From time to time, it’s instructive to look around and see what organisations are doing with business continuity. With business continuity management now an increasingly important part of good business practice, business schools are led to include this in their courses, and hopefully practise what they preach. A visit to the website of the London School of Economics shows that the LSE has defined plans and procedures in this area, although it also leaves one question open.
The LSE publishes its “Major Incident Initial Response Plan” (MIIRP) on its site. It’s a comprehensive document of 92 pages defining how personnel in the business school are to react in the event of any major incident to the campus or to student residences. There’s also a companion document, the Major Incident Business Recovery Plan, and the response plan itself is also “subject to regular testing”. The LSE has a director of business continuity; and a business continuity steering group with published meeting notes referencing various parts of the IT infrastructure and mentioning different vendor or system names.

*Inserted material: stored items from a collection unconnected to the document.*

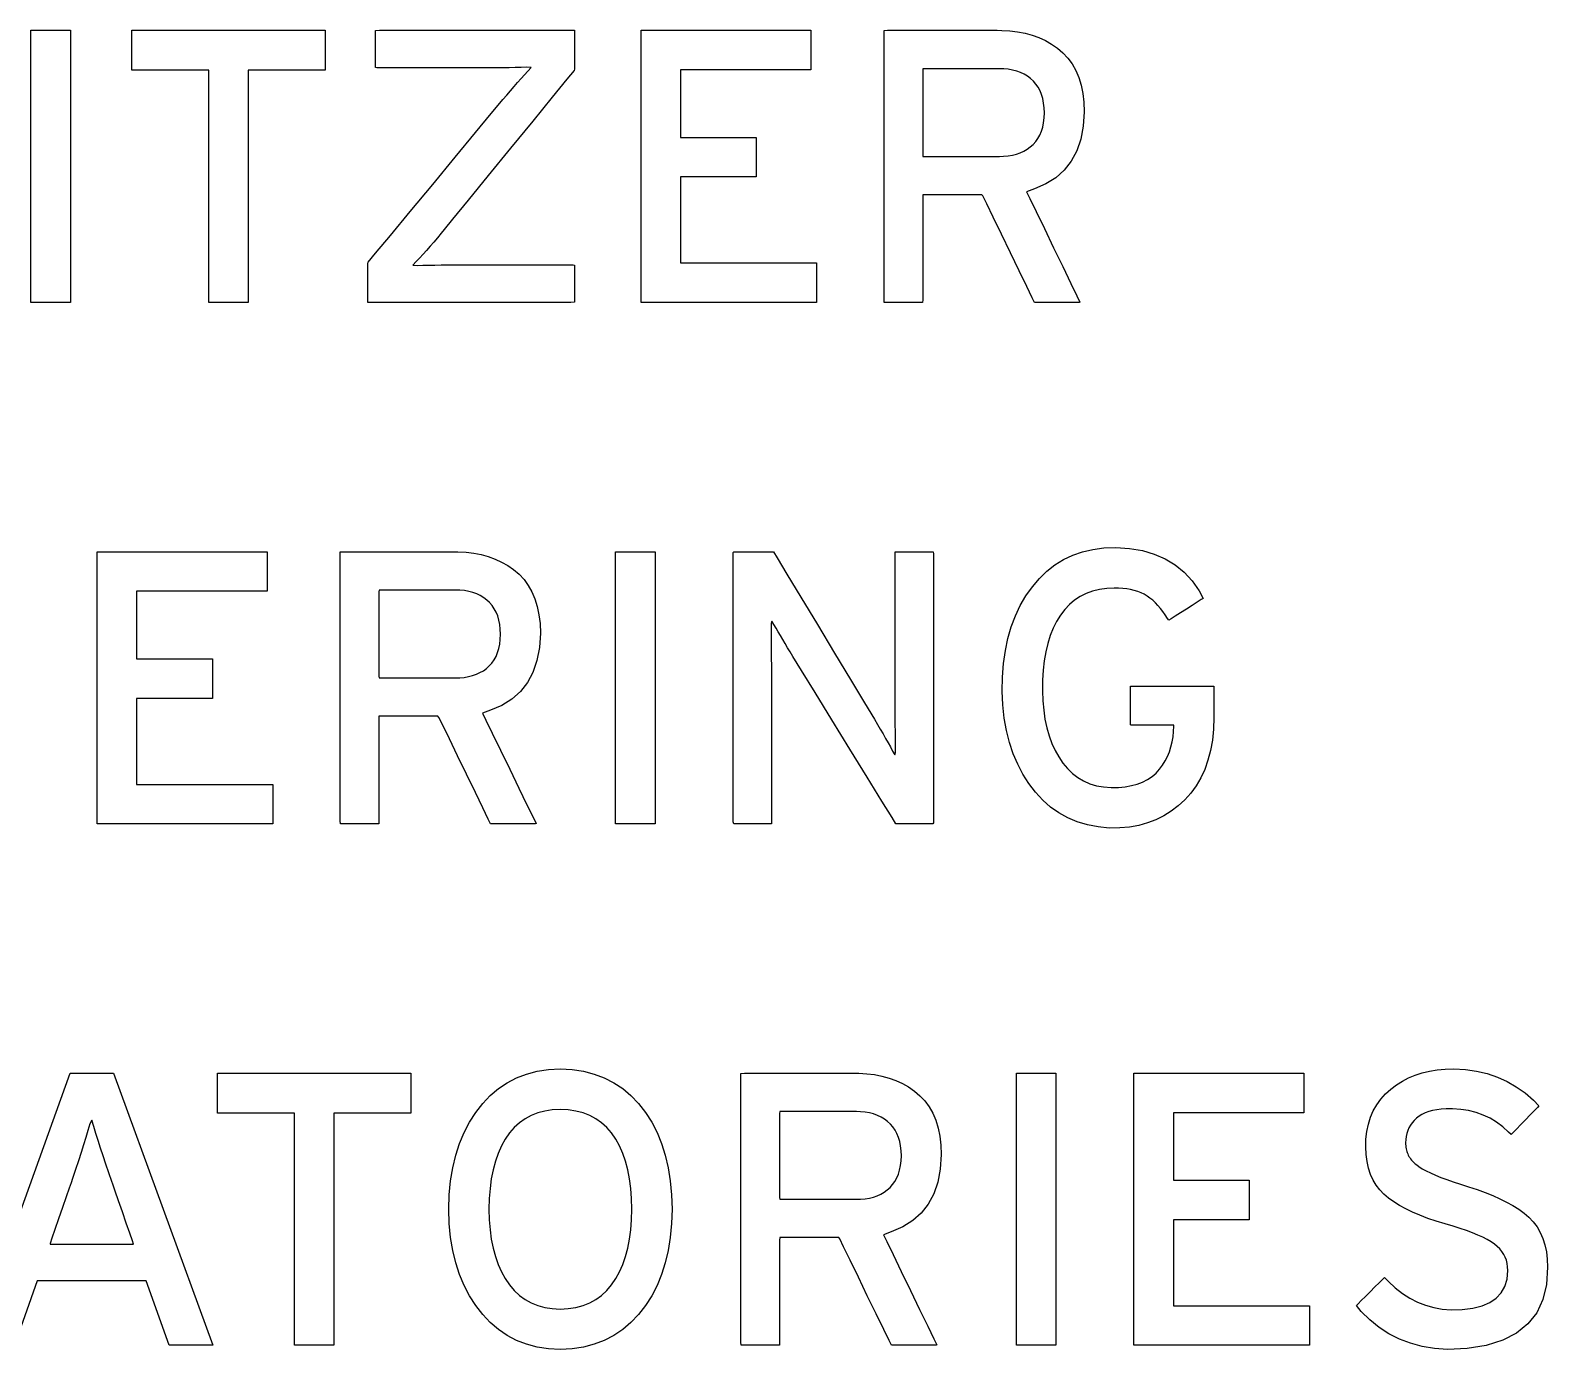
# Model space of a CAD drawing. Extents: x 1 to 47.7, y 0.2 to 33.3.
# Drawn here: x 24.75 to 25.356, y 3.261 to 3.787 of the extents above; entities that cross this region are included whole.
import ezdxf

# ---------------------------------------------------------------- set-up
doc = ezdxf.new("R2010")
doc.units = 0
doc.header["$MEASUREMENT"] = 0
doc.layers.add('4_0_____DWG', color=7, linetype='CONTINUOUS')

msp = doc.modelspace()

# ---------------------------------------------------------------- linework, layer by layer
at = {"layer": '4_0_____DWG'}
for points in [[(24.75062, 3.67855), (24.75062, 3.7871), (24.76637, 3.7871), (24.76637, 3.67855), (24.75062, 3.67855)], [(24.8373, 3.7712), (24.8373, 3.67855), (24.82156, 3.67855), (24.82156, 3.7712), (24.79088, 3.7712), (24.79088, 3.7871), (24.86801, 3.7871), (24.86801, 3.7712), (24.8373, 3.7712)], [(24.99396, 3.67855), (24.99396, 3.7871), (25.06171, 3.7871), (25.06171, 3.77135), (25.0097, 3.77135), (25.0097, 3.74437), (25.03991, 3.74437), (25.03991, 3.72862), (25.0097, 3.72862), (25.0097, 3.6943), (25.06398, 3.6943), (25.06398, 3.67855), (24.99396, 3.67855)], [(24.77702, 3.47049), (24.77702, 3.57903), (24.84477, 3.57903), (24.84477, 3.56329), (24.79276, 3.56329), (24.79276, 3.53631), (24.82297, 3.53631), (24.82297, 3.52056), (24.79276, 3.52056), (24.79276, 3.48623), (24.84704, 3.48623), (24.84704, 3.47049), (24.77702, 3.47049)], [(24.98381, 3.47049), (24.98381, 3.57903), (24.99955, 3.57903), (24.99955, 3.47049), (24.98381, 3.47049)], [(24.80569, 3.26242), (24.79659, 3.28819), (24.75311, 3.28819), (24.7441, 3.26242), (24.72721, 3.26242), (24.7663, 3.37097), (24.78356, 3.37097), (24.82311, 3.26242), (24.80569, 3.26242)], [(24.87146, 3.35507), (24.87146, 3.26242), (24.85572, 3.26242), (24.85572, 3.35507), (24.82505, 3.35507), (24.82505, 3.37097), (24.90218, 3.37097), (24.90218, 3.35507), (24.87146, 3.35507)], [(25.14367, 3.26242), (25.14367, 3.37097), (25.15941, 3.37097), (25.15941, 3.26242), (25.14367, 3.26242)], [(25.19059, 3.26242), (25.19059, 3.37097), (25.25834, 3.37097), (25.25834, 3.35522), (25.20633, 3.35522), (25.20633, 3.32825), (25.23655, 3.32825), (25.23655, 3.3125), (25.20633, 3.3125), (25.20633, 3.27817), (25.26062, 3.27817), (25.26062, 3.26242), (25.19059, 3.26242)]]:
    msp.add_lwpolyline(points, dxfattribs=at)
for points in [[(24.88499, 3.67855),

A business school is perhaps not a commercial enterprise in the sense of a manufacturing company, although competition between such schools often exists. Publishing this level of detail on its site might make sense for the LSE, but the open question is whether this would be a model for other organisations. In this age of security threats, notably non-technical but nonetheless effective social engineering, the more information made available to the public at large, the more clues on how to infiltrate such an organisation.
Perhaps the thinking is that any information made available to staff or students will invariably become available to any determined outside agency, so why not publish it openly – and perhaps that explains why the last published notes for the business continuity steering committee date from over two years ago, more recent meetings being kept more confidential?